Er kannte nicht nur die "Frankfurter Initiative", sondern
merkwürdigerweise auch bereits Deinen Brief an mich... Ich will nicht auf alle
Einzelheiten Deines Briefes eingehen, es gibt, so glaube ich, grundlegendere
Fragen zu diskutieren. Nur so viel: Deine Beschreibung der SDS-Runde
ist so verschieden von meiner eigenen Wahrnehmung, daß ich nicht glauben
kann, wir meinen dieselbe Veranstaltung. Beispiel: Du unterstellst,
"wir" würden einem "proletarischen Internationalismus"

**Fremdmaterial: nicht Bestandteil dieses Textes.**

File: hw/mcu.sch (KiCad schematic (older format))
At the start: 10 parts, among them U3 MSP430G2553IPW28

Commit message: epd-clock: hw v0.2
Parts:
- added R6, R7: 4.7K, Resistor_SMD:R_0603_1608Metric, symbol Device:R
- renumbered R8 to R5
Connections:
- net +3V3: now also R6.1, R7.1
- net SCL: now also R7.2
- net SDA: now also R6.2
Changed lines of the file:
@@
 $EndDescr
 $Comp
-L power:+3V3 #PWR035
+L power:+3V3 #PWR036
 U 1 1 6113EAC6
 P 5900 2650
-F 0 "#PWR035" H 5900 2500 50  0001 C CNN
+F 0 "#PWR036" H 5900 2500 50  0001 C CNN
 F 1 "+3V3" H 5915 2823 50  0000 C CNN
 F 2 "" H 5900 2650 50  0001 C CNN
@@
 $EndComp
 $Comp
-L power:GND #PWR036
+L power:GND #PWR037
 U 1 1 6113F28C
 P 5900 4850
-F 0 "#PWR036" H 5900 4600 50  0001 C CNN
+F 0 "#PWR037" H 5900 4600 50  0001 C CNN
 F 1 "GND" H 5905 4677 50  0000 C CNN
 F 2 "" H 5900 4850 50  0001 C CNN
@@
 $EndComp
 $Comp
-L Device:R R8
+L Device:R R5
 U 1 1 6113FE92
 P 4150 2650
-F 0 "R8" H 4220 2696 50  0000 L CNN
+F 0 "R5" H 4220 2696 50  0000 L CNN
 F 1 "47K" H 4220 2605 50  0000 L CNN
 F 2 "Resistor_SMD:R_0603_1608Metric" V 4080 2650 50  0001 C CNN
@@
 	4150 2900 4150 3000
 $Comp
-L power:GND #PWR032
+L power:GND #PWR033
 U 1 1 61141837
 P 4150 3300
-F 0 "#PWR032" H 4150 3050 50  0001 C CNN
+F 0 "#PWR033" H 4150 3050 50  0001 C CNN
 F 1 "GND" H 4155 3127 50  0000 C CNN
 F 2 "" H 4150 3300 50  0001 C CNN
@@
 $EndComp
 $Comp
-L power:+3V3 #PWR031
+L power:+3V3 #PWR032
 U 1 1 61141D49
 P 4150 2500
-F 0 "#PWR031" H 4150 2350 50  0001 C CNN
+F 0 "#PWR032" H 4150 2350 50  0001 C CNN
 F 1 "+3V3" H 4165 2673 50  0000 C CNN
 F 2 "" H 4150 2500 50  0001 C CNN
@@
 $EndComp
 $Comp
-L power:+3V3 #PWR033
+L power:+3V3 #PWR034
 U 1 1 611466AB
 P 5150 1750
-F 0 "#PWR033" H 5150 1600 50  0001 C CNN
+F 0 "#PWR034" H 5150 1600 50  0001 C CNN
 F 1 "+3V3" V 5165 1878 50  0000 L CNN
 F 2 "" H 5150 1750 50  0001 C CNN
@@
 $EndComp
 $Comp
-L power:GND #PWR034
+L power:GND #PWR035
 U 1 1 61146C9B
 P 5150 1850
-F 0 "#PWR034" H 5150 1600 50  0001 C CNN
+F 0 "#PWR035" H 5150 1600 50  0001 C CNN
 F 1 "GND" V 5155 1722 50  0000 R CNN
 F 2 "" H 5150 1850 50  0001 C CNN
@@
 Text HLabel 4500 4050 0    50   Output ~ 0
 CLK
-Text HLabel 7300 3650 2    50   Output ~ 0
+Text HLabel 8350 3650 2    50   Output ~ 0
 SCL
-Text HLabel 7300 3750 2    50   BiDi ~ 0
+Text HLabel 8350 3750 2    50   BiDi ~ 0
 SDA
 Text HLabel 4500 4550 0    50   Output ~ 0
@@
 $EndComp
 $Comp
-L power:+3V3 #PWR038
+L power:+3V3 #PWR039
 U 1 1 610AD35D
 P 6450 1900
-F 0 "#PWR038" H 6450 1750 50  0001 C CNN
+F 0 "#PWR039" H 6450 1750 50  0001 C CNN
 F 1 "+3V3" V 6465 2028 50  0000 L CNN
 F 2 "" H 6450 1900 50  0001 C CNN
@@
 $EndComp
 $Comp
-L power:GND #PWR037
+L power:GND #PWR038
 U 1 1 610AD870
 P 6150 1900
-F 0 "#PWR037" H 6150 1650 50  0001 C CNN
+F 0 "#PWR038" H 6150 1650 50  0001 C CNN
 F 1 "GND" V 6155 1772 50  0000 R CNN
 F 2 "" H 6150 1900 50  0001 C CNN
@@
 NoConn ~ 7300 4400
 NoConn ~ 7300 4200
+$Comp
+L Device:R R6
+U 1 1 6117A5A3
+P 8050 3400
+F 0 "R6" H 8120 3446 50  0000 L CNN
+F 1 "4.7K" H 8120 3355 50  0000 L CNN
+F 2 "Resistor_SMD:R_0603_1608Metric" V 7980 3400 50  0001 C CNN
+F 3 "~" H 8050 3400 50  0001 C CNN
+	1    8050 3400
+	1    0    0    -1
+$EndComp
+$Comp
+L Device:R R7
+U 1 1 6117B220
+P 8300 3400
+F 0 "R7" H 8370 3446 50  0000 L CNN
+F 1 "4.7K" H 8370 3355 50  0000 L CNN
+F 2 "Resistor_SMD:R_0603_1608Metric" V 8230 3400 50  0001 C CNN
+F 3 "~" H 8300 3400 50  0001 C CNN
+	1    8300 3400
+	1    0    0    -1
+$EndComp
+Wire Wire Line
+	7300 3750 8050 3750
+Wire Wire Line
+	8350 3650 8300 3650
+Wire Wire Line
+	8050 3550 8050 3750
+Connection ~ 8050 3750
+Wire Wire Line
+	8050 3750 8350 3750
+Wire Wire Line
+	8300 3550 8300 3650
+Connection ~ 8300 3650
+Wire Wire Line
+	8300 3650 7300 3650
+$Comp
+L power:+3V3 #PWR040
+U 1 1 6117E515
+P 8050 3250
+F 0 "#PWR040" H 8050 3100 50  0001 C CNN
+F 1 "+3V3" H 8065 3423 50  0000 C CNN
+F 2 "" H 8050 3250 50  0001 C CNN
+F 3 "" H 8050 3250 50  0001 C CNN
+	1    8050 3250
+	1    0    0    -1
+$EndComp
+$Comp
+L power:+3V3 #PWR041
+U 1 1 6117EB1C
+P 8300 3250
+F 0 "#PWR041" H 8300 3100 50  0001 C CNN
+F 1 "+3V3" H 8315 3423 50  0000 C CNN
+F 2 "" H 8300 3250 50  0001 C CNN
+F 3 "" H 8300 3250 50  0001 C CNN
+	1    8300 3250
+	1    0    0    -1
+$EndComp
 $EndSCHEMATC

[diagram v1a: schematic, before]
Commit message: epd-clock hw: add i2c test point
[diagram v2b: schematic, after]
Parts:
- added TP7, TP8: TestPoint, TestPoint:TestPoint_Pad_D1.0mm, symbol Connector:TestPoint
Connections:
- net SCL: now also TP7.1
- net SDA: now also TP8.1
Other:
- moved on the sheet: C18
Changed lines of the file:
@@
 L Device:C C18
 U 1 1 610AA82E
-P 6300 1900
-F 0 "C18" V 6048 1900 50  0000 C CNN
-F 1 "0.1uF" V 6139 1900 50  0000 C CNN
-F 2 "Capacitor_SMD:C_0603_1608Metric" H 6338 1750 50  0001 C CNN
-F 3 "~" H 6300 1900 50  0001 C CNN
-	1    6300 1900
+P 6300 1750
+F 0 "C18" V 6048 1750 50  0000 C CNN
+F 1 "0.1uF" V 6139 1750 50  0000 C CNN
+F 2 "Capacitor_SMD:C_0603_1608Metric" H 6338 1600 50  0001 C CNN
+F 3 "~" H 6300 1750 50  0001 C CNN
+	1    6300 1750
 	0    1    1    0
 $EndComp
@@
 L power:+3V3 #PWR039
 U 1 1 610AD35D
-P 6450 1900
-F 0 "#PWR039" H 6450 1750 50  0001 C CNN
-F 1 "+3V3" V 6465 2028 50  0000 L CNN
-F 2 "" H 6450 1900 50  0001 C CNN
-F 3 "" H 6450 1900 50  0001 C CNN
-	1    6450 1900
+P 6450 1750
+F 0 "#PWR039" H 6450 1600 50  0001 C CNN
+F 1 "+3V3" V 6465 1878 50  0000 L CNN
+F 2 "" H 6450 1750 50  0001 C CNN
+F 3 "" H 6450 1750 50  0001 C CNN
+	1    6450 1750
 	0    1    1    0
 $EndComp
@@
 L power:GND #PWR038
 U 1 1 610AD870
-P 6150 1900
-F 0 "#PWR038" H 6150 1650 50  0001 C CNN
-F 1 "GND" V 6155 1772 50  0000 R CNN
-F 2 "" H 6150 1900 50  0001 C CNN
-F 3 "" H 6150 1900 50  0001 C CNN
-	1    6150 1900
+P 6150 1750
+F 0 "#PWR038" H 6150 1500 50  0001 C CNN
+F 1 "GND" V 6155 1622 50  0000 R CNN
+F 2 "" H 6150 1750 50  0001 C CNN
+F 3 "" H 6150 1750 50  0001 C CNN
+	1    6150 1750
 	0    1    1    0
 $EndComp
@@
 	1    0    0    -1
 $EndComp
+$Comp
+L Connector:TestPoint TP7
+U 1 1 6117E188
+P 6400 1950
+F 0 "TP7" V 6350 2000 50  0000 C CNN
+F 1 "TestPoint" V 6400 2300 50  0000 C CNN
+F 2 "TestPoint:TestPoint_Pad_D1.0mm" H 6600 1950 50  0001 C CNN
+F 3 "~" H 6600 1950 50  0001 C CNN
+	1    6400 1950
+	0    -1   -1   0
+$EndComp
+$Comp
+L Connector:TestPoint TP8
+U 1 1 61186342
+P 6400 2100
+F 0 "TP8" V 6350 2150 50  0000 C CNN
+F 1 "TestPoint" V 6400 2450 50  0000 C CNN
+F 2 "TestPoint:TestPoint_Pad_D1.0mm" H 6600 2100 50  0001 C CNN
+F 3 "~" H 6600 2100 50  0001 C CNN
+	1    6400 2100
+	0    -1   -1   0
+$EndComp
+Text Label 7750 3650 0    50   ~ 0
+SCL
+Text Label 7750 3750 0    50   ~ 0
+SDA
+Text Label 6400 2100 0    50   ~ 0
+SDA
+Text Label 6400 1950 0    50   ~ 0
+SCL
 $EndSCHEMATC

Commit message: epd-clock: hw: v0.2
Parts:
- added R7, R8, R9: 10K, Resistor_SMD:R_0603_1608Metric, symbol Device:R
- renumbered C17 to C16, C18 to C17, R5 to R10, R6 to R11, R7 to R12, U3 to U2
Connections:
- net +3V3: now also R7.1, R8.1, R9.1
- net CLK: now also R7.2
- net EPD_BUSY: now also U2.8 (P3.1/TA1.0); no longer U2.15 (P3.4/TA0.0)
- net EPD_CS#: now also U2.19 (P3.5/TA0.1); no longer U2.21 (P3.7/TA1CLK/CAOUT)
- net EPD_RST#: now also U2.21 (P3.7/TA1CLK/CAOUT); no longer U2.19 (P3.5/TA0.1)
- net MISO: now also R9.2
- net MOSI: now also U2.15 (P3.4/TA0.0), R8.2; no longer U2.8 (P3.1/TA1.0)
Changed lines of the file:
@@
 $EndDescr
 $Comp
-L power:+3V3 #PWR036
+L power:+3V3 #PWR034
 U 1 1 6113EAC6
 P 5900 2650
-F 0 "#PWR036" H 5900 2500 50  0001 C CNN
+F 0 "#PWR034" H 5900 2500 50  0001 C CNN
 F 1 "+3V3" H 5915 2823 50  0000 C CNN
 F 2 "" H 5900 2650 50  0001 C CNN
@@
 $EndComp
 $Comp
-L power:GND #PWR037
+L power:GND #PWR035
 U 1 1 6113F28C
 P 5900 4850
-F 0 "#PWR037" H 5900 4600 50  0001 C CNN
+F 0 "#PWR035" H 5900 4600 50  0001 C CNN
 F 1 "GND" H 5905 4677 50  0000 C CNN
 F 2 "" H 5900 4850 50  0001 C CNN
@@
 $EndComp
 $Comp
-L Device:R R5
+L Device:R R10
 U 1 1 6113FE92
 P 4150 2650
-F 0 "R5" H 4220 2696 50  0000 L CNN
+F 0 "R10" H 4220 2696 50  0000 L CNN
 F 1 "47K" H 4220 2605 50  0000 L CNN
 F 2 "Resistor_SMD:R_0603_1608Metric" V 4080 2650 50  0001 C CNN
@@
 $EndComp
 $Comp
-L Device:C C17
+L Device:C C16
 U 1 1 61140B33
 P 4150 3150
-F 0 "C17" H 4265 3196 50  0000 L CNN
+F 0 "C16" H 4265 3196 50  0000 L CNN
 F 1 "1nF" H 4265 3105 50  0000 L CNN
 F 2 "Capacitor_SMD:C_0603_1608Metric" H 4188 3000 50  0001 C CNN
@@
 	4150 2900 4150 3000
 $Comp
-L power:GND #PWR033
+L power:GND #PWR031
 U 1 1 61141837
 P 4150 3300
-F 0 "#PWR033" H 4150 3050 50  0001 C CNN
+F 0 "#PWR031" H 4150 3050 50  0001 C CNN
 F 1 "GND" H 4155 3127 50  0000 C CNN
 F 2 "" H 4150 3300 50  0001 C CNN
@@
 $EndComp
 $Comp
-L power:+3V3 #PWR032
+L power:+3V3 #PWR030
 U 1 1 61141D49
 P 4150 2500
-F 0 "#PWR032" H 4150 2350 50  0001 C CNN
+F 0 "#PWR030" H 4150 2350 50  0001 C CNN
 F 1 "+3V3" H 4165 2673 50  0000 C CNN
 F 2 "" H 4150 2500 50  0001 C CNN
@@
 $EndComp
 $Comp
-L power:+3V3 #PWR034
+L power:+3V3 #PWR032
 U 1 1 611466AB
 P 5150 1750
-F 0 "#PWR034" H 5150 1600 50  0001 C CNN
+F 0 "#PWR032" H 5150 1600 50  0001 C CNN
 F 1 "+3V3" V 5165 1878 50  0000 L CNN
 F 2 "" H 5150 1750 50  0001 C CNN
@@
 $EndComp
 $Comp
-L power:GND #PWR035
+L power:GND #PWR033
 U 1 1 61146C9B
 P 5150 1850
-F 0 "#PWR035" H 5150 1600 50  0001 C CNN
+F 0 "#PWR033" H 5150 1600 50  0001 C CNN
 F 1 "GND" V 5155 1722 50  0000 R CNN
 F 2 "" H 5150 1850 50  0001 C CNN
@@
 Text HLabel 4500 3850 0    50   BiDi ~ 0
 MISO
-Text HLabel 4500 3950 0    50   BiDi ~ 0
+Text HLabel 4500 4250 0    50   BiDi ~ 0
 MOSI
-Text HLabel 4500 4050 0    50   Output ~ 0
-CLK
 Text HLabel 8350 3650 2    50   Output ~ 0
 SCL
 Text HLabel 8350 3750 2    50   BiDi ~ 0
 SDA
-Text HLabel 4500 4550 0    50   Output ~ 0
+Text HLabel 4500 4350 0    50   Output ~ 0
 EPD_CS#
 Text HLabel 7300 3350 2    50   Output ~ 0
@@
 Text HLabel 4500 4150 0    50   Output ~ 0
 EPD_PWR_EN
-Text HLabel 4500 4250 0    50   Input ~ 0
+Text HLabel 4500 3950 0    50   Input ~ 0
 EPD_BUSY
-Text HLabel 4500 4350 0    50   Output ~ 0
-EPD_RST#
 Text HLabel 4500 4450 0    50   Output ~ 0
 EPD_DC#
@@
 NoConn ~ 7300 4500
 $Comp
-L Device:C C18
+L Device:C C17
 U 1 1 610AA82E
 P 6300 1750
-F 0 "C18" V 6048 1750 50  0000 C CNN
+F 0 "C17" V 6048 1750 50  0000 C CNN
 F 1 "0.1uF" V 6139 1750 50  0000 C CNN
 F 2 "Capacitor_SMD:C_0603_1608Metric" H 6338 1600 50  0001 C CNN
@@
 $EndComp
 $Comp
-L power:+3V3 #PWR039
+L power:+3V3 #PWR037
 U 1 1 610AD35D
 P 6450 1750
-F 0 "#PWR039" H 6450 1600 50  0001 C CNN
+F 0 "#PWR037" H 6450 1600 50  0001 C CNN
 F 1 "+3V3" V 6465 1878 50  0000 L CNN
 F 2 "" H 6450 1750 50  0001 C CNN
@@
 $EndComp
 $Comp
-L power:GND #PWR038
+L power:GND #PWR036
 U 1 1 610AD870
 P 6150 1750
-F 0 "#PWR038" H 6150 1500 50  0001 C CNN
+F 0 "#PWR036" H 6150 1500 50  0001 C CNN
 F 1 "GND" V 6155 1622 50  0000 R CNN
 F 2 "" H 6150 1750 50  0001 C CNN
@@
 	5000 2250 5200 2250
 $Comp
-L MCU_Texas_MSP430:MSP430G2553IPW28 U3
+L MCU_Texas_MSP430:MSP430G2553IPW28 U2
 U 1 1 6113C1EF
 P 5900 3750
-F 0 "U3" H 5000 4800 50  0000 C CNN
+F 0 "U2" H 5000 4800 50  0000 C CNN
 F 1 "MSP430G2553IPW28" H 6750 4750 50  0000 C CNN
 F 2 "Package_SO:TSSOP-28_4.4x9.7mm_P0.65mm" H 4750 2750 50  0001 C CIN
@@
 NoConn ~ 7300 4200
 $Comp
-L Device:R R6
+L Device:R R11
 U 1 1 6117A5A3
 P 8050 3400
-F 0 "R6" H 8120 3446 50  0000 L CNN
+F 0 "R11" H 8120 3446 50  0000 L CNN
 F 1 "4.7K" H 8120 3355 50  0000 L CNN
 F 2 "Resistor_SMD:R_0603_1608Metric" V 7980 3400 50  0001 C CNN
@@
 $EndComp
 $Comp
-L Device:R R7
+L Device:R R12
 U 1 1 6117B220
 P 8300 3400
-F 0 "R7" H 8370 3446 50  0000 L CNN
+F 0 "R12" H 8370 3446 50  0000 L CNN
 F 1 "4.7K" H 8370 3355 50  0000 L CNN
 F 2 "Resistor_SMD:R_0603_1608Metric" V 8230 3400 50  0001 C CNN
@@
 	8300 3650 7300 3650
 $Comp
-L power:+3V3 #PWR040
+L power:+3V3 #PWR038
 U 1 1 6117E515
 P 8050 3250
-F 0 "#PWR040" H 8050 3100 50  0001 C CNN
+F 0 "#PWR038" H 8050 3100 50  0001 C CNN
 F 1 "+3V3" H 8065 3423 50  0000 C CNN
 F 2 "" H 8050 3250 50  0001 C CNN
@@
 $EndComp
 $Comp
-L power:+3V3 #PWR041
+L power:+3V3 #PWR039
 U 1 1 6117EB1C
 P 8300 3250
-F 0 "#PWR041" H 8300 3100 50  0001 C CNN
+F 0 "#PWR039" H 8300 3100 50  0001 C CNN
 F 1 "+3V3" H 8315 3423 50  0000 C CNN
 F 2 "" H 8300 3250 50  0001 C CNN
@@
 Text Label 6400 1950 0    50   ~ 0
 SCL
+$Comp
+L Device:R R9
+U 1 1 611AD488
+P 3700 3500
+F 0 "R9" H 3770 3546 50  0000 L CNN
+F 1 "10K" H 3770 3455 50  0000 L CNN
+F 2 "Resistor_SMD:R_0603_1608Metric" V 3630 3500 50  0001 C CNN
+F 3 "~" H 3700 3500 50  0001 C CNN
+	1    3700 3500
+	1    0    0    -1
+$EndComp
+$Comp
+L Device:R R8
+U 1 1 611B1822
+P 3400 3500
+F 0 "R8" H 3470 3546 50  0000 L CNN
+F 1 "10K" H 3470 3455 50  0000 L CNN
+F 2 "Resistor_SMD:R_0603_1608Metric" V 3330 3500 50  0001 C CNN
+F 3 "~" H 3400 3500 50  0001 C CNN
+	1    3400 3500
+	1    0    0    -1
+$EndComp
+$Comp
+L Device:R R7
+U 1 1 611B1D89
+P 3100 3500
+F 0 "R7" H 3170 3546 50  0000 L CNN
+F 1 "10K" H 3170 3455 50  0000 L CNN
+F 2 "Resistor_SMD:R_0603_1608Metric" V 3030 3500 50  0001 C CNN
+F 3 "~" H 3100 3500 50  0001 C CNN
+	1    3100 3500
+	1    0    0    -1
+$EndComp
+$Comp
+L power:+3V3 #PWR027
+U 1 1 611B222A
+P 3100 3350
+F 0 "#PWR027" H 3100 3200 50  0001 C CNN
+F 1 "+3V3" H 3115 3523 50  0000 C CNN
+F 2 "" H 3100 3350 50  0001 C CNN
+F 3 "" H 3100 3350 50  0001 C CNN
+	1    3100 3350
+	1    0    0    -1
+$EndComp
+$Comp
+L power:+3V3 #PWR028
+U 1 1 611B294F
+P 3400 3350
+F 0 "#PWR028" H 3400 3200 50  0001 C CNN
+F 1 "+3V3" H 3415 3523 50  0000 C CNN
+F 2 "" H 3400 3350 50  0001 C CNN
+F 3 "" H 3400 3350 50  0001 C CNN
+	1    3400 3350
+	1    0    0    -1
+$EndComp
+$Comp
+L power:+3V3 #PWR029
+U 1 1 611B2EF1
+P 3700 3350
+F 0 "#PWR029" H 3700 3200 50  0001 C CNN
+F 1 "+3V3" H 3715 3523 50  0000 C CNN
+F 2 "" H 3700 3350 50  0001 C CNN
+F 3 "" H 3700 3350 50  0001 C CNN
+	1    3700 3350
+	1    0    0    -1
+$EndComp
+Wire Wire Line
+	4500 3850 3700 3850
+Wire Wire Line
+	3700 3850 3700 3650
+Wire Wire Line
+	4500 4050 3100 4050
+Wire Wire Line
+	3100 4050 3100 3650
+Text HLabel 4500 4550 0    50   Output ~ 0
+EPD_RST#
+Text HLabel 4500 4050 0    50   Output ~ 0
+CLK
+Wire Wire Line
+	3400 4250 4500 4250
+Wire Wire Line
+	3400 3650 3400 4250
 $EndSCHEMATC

frönen, der darin bestünde, alle Welt mit der deutschen Staatsangehörigkeit
"beschenken" zu wollen. Die Wahrheit ist, nicht ein einziger hat
auch nur annähernd so etwas gesagt, geschweige denn, es hätte ein Konsens
über diese Frage bestanden. Über einen Punkt in
Deinem Brief bin ich dann gestolpert, der mich dazu bringt, das
Grundlegendere anzusprechen. Es ist Dein positiver Bezug auf Bernd Rabehl, wo
Du beschreibst, daß ein Teil der Linken durch seine "antinationalen
Affekte" der "Unterjochung der Völker unter den lebensfeindlichen American
way of life Vorschub leisten" würden. Diese Worte drücken einen
eklatanten und platten Antiamerikanismus aus, der möglicherweise in der RAF
gepflegt wurde, nicht aber im SDS. Ich kenne ihn aus meiner
Jugend, als ein ewiggestriger Vater eines meiner Schulfreunde, mir ähnliche
Zitate aus der Deutschen National- und Soldatenzeitung entgegenhielt.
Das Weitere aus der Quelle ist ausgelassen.